Missing Ingredients
Missing Ingredients

Ingredients are very important for any recipe, and you can’t change them without consequences. Each ingredient plays an important role in the recipe. But, sometimes you just simply don’t have everything that the recipe calls for.

Luckily, in many cases, substituting one ingredient for another is not the end of the world.

Many foods can be replaced with suitable substitutes, with no actual affect on the meal.

Sometimes the ingredient you are missing is simply a combination of two or more base ingredients. Brown sugar, for example, is just sugar and molasses.
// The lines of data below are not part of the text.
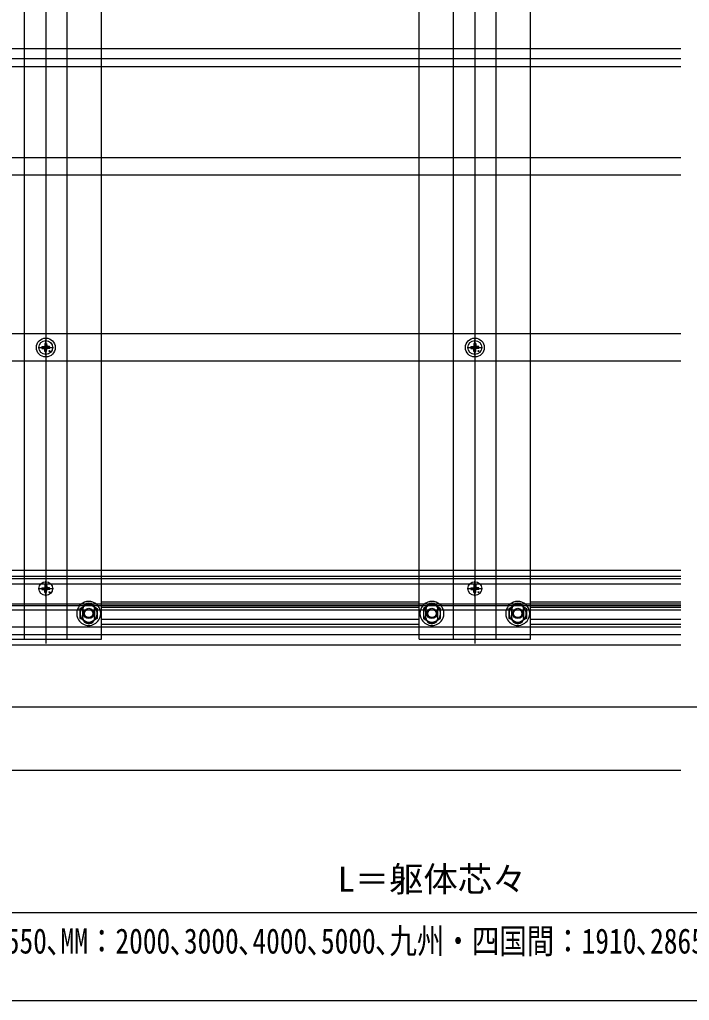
# Model space of a CAD drawing. Units: millimetres, scale not verified. Extents: x -1050 to 1050, y -1570 to 1562.
# Drawn here: x -58 to 332, y -1570 to -998 of the extents above; entities that cross this region are included whole.
import ezdxf
from ezdxf.enums import TextEntityAlignment as Align

# ---------------------------------------------------------------- set-up
doc = ezdxf.new("R2010")
doc.units = ezdxf.units.MM
doc.header["$LTSCALE"] = 8
for name, color, linetype in [('0-4_YKK_12', 2, 'Continuous'), ('0-5_YKK_13', 4, 'Continuous'), ('0-6_YKK_D', 6, 'Continuous'), ('0-7_YKK_ZWAK', 7, 'Continuous')]:
    doc.layers.add(name, color=color, linetype=linetype)
doc.styles.add('ＭＳ ゴシック', font='')
doc.styles.get('ＭＳ ゴシック').set_extended_font_data('MS Gothic')

msp = doc.modelspace()

# ---------------------------------------------------------------- linework, layer by layer
at = {"layer": '0-4_YKK_12'}
for p, q in [((-42.68, -805), (-42.68, -1362)), ((207.32, -805), (207.32, -1362)), ((-55.18, -1359.5), (-55.18, -807.5)), ((-30.18, -1359.5), (-30.18, -807.5)), ((-10.18, -1359.5), (-10.18, -807.5)), ((174.82, -1359.5), (174.82, -807.5)), ((194.82, -1359.5), (194.82, -807.5)), ((219.82, -1359.5), (219.82, -807.5)), ((239.82, -1359.5), (239.82, -807.5)), ((327.32, -1323), (-237.68, -1323)), ((327.32, -1324.3), (-237.68, -1324.3)), ((327.32, -1339), (-237.68, -1339)), ((327.32, -1340), (-237.68, -1340)), ((-21.18, -1347), (-21.18, -1342)), ((-14.18, -1347), (-14.18, -1342)), ((174.82, -1338), (-10.18, -1338)), ((174.82, -1341), (-10.18, -1341)), ((178.82, -1347), (178.82, -1342)), ((185.82, -1347), (185.82, -1342)), ((228.82, -1347), (228.82, -1342)), ((235.82, -1347), (235.82, -1342)), ((327.32, -1338), (239.82, -1338)), ((327.32, -1341), (239.82, -1341)), ((174.82, -1348), (-10.18, -1348)), ((327.32, -1348), (239.82, -1348)), ((174.82, -1351), (-10.18, -1351)), ((327.32, -1351), (239.82, -1351)), ((-75.18, -1359.5), (-10.18, -1359.5)), ((174.82, -1359.5), (239.82, -1359.5)), ((327.32, -1363), (-255.18, -1363)), ((-350.18, -1399), (764.82, -1399)), ((327.32, -1436), (-255.18, -1436))]:
    msp.add_line(p, q, dxfattribs=at)
for points in [[(327.32, -1352.462), (-218.83, -1352.462), (-237.68, -1352.462)], [(327.32, -1357), (-218.83, -1357), (-237.68, -1357)]]:
    msp.add_lwpolyline(points, dxfattribs=at)
for centre, start, end in [((-17.68, -1342), 0, 180), ((182.32, -1342), 0, 180), ((232.32, -1342), 0, 180), ((-17.68, -1347), 180, 0), ((182.32, -1347), 180, 0), ((232.32, -1347), 180, 0)]:
    msp.add_arc(centre, 3.5, start, end, dxfattribs=at)
at = {"layer": '0-5_YKK_13'}
for p, q in [((-43.817, -1188.981), (-43.3, -1188.88)), ((-43.2, -1188.363), (-43.3, -1188.88)), ((-43.18, -1187.255), (-43.2, -1188.363)), ((-42.68, -1193.9), (-42.68, -1185.1)), ((-42.18, -1187.255), (-42.161, -1188.363)), ((-42.161, -1188.363), (-42.06, -1188.88)), ((-41.543, -1188.981), (-42.06, -1188.88)), ((206.183, -1188.981), (206.7, -1188.88)), ((206.8, -1188.363), (206.7, -1188.88)), ((206.82, -1187.255), (206.8, -1188.363)), ((207.32, -1193.9), (207.32, -1185.1)), ((207.82, -1187.255), (207.839, -1188.363)), ((207.839, -1188.363), (207.94, -1188.88)), ((208.457, -1188.981), (207.94, -1188.88)), ((-47.08, -1189.5), (-38.28, -1189.5)), ((-44.925, -1189), (-43.817, -1188.981)), ((-44.925, -1190), (-43.817, -1190.019)), ((-43.817, -1190.019), (-43.3, -1190.12)), ((-43.2, -1190.637), (-43.3, -1190.12)), ((-43.18, -1191.745), (-43.2, -1190.637)), ((-42.18, -1191.745), (-42.161, -1190.637)), ((-42.161, -1190.637), (-42.06, -1190.12)), ((-41.543, -1190.019), (-42.06, -1190.12)), ((-40.435, -1189), (-41.543, -1188.981)), ((-40.435, -1190), (-41.543, -1190.019)), ((202.92, -1189.5), (211.72, -1189.5)), ((205.075, -1189), (206.183, -1188.981)), ((205.075, -1190), (206.183, -1190.019)), ((206.183, -1190.019), (206.7, -1190.12)), ((206.8, -1190.637), (206.7, -1190.12)), ((206.82, -1191.745), (206.8, -1190.637)), ((207.82, -1191.745), (207.839, -1190.637)), ((207.839, -1190.637), (207.94, -1190.12)), ((208.457, -1190.019), (207.94, -1190.12)), ((209.565, -1189), (208.457, -1188.981)), ((209.565, -1190), (208.457, -1190.019)), ((-42.68, -1334.4), (-42.68, -1325.6)), ((207.32, -1334.4), (207.32, -1325.6)), ((-47.08, -1330), (-38.28, -1330)), ((-44.925, -1329.5), (-43.817, -1329.481)), ((-44.925, -1330.5), (-43.817, -1330.519)), ((-43.817, -1329.481), (-43.3, -1329.38)), ((-43.817, -1330.519), (-43.3, -1330.62)), ((-43.2, -1328.863), (-43.3, -1329.38)), ((-43.2, -1331.137), (-43.3, -1330.62)), ((-43.18, -1327.755), (-43.2, -1328.863)), ((-43.18, -1332.245), (-43.2, -1331.137)), ((-42.18, -1327.755), (-42.161, -1328.863)), ((-42.18, -1332.245), (-42.161, -1331.137)), ((-42.161, -1328.863), (-42.06, -1329.38)), ((-42.161, -1331.137), (-42.06, -1330.62)), ((-41.543, -1329.481), (-42.06, -1329.38)), ((-41.543, -1330.519), (-42.06, -1330.62)), ((-40.435, -1329.5), (-41.543, -1329.481)), ((-40.435, -1330.5), (-41.543, -1330.519)), ((202.92, -1330), (211.72, -1330)), ((205.075, -1329.5), (206.183, -1329.481)), ((205.075, -1330.5), (206.183, -1330.519)), ((206.183, -1329.481), (206.7, -1329.38)), ((206.183, -1330.519), (206.7, -1330.62)), ((206.8, -1328.863), (206.7, -1329.38)), ((206.8, -1331.137), (206.7, -1330.62)), ((206.82, -1327.755), (206.8, -1328.863)), ((206.82, -1332.245), (206.8, -1331.137)), ((207.82, -1327.755), (207.839, -1328.863)), ((207.82, -1332.245), (207.839, -1331.137)), ((207.839, -1328.863), (207.94, -1329.38)), ((207.839, -1331.137), (207.94, -1330.62)), ((208.457, -1329.481), (207.94, -1329.38)), ((208.457, -1330.519), (207.94, -1330.62)), ((209.565, -1329.5), (208.457, -1329.481)), ((209.565, -1330.5), (208.457, -1330.519)), ((-22.68, -1341.613), (-17.68, -1338.726)), ((-22.68, -1342.508), (-22.68, -1341.613)), ((-22.68, -1342.635), (-22.68, -1341.613)), ((-22.68, -1347.387), (-22.68, -1342.508)), ((-22.68, -1347.387), (-22.68, -1342.635)), ((-12.68, -1342.635), (-12.68, -1347.387)), ((177.32, -1342.635), (177.32, -1347.387)), ((187.32, -1341.613), (182.32, -1338.726)), ((187.32, -1342.508), (187.32, -1341.613)), ((187.32, -1342.635), (187.32, -1341.613)), ((187.32, -1347.387), (187.32, -1342.508)), ((187.32, -1347.387), (187.32, -1342.635)), ((227.32, -1341.613), (232.32, -1338.726)), ((227.32, -1342.508), (227.32, -1341.613)), ((227.32, -1342.635), (227.32, -1341.613)), ((227.32, -1347.387), (227.32, -1342.508)), ((227.32, -1347.387), (227.32, -1342.635)), ((237.32, -1342.635), (237.32, -1347.387)), ((-22.291, -1347.612), (-22.68, -1347.387)), ((-22.163, -1347.685), (-22.68, -1347.387)), ((-17.68, -1350.274), (-22.163, -1347.685)), ((-13.198, -1347.685), (-17.68, -1350.274)), ((-12.68, -1347.387), (-13.198, -1347.685)), ((-12.68, -1347.387), (-13.043, -1347.596)), ((177.32, -1347.387), (177.682, -1347.596)), ((177.32, -1347.387), (177.837, -1347.685)), ((177.837, -1347.685), (182.32, -1350.274)), ((182.32, -1350.274), (186.802, -1347.685)), ((186.802, -1347.685), (187.32, -1347.387)), ((186.93, -1347.612), (187.32, -1347.387)), ((227.709, -1347.612), (227.32, -1347.387)), ((227.837, -1347.685), (227.32, -1347.387)), ((232.32, -1350.274), (227.837, -1347.685)), ((236.802, -1347.685), (232.32, -1350.274)), ((237.32, -1347.387), (236.802, -1347.685)), ((237.32, -1347.387), (236.957, -1347.596))]:
    msp.add_line(p, q, dxfattribs=at)
for points in [[(327.32, -1015.334), (-220.18, -1015.334), (-237.68, -1015.334)], [(327.32, -1021.334), (-220.18, -1021.334), (-237.68, -1021.334)], [(327.32, -1025.834), (-220.18, -1025.834), (-237.68, -1025.834)], [(327.32, -1079), (-220.18, -1079), (-237.68, -1079)], [(327.32, -1089), (-220.18, -1089), (-237.68, -1089)], [(327.32, -1181.5), (-220.18, -1181.5), (-237.68, -1181.5)], [(327.32, -1197.5), (-220.18, -1197.5), (-237.68, -1197.5)], [(327.32, -1319.5), (-218.83, -1319.5), (-237.68, -1319.5)], [(327.32, -1327.5), (-218.83, -1327.5), (-237.68, -1327.5)], [(327.32, -1342.5), (-218.83, -1342.5), (-237.68, -1342.5)], [(-17.68, -1338.726), (-12.68, -1341.613), (-12.68, -1342.635)], [(182.32, -1338.726), (177.32, -1341.613), (177.32, -1342.635)], [(232.32, -1338.726), (237.32, -1341.613), (237.32, -1342.635)]]:
    msp.add_lwpolyline(points, dxfattribs=at)
for centre, radius in [((-42.68, -1189.5), 5.5), ((-42.68, -1189.5), 4), ((207.32, -1189.5), 5.5), ((207.32, -1189.5), 4), ((-40.559, -1191.621), 0.3), ((209.441, -1191.621), 0.3), ((-42.68, -1330), 4), ((207.32, -1330), 4), ((-40.559, -1332.121), 0.3), ((209.441, -1332.121), 0.3), ((-17.68, -1344.5), 3), ((-17.68, -1344.5), 2.4), ((182.32, -1344.5), 3), ((182.32, -1344.5), 2.4), ((232.32, -1344.5), 3), ((232.32, -1344.5), 2.4)]:
    msp.add_circle(centre, radius, dxfattribs=at)
for centre, radius, start, end in [((-42.68, -1189.5), 2.3, 77.44414, 102.55586), ((207.32, -1189.5), 2.3, 77.44414, 102.55586), ((-42.68, -1189.5), 2.3, 167.44414, 192.55586), ((-42.68, -1189.5), 2.3, 257.44414, 282.55586), ((-42.68, -1189.5), 2.3, 347.44414, 12.55586), ((207.32, -1189.5), 2.3, 167.44414, 192.55586), ((207.32, -1189.5), 2.3, 257.44414, 282.55586), ((207.32, -1189.5), 2.3, 347.44414, 12.55586), ((-42.68, -1330), 2.3, 167.44414, 192.55586), ((-42.68, -1330), 2.3, 77.44414, 102.55586), ((-42.68, -1330), 2.3, 347.44414, 12.55586), ((207.32, -1330), 2.3, 167.44414, 192.55586), ((207.32, -1330), 2.3, 77.44414, 102.55586), ((207.32, -1330), 2.3, 347.44414, 12.55586), ((-42.68, -1330), 2.3, 257.44414, 282.55586), ((-17.68, -1344.5), 7, 10.52433, 169.47567), ((182.32, -1344.5), 7, 10.52433, 169.47567), ((207.32, -1330), 2.3, 257.44414, 282.55586), ((232.32, -1344.5), 7, 10.52433, 169.47567), ((-17.68, -1344.5), 7, 169.47567, 212.11583), ((-17.68, -1344.5), 5, 156.8676, 217.3832), ((-17.68, -1344.5), 5, 156.8676, 217.3832), ((-17.68, -1344.5), 5, 23.1324, 156.8676), ((-17.68, -1344.5), 5, 23.1324, 156.8676), ((-17.68, -1344.5), 5, 322.6168, 23.1324), ((-17.68, -1344.5), 5, 322.6168, 23.1324), ((-17.68, -1344.5), 7, 327.88417, 10.52433), ((182.32, -1344.5), 7, 169.47567, 212.11583), ((182.32, -1344.5), 5, 156.8676, 217.3832), ((182.32, -1344.5), 5, 156.8676, 217.3832), ((182.32, -1344.5), 5, 23.1324, 156.8676), ((182.32, -1344.5), 5, 23.1324, 156.8676), ((182.32, -1344.5), 5, 322.6168, 23.1324), ((182.32, -1344.5), 5, 322.6168, 23.1324), ((182.32, -1344.5), 7, 327.88417, 10.52433), ((232.32, -1344.5), 7, 169.47567, 212.11583), ((232.32, -1344.5), 5, 156.8676, 217.3832), ((232.32, -1344.5), 5, 156.8676, 217.3832), ((232.32, -1344.5), 5, 23.1324, 156.8676), ((232.32, -1344.5), 5, 23.1324, 156.8676), ((232.32, -1344.5), 5, 322.6168, 23.1324), ((232.32, -1344.5), 5, 322.6168, 23.1324), ((232.32, -1344.5), 7, 327.88417, 10.52433), ((-17.68, -1344.5), 7, 212.11583, 327.88417), ((-17.68, -1344.5), 5, 217.3832, 322.6168), ((-17.68, -1344.5), 5, 217.3832, 322.6168), ((182.32, -1344.5), 7, 212.11583, 327.88417), ((182.32, -1344.5), 5, 217.3832, 322.6168), ((182.32, -1344.5), 5, 217.3832, 322.6168), ((232.32, -1344.5), 7, 212.11583, 327.88417), ((232.32, -1344.5), 5, 217.3832, 322.6168), ((232.32, -1344.5), 5, 217.3832, 322.6168)]:
    msp.add_arc(centre, radius, start, end, dxfattribs=at)
at = {"layer": '0-6_YKK_D'}
msp.add_line((-292.68, -1518.7), (707.32, -1518.7), dxfattribs=at)
at = {"layer": '0-7_YKK_ZWAK'}
msp.add_lwpolyline([(-1050, -1570), (1050, -1570), (1050, 1490)], dxfattribs=at)

# ---------------------------------------------------------------- texts
at = {"layer": '0-6_YKK_D', "style": 'ＭＳ ゴシック'}
msp.add_text('L＝躯体芯々', height=14.66, dxfattribs=at).set_placement((127.433, -1511.086), align=Align.BOTTOM_LEFT)
at = {"layer": '0-6_YKK_D', "style": 'ＭＳ ゴシック', "width": 0.8}
msp.add_text('（関東間：1820､2730､3640､4550､MM：2000､3000､4000､5000､九州・四国間：1910､2865､3820､4775）', height=14.66, dxfattribs=at).set_placement((-273.68, -1547.109), align=Align.BOTTOM_LEFT)

doc.saveas('drawing.dxf')

The following handy infographic is meant primarily for baking and cooking. So, use your best judgement when deciding what to substitute: pumpkin does not make a good omelette.

It’s important to look at the physics behind each of the foods in the image. Often, one type of food is just another, but in a different state. Milk, half-and-half cream, and butter are all basically milk with different levels of fat. Dark corn syrup is just light corn syrup with added molasses, so you can just add the molasses yourself.

Other times, the food may be unrelated, but perform similarly. There is no way that pumpkins and eggs are related, but, in baking, they can perform the same binding functions. Cracker crumbs may be chemically different than dry bread crumbs, but if you are using them primarily for the structure, it doesn’t matter.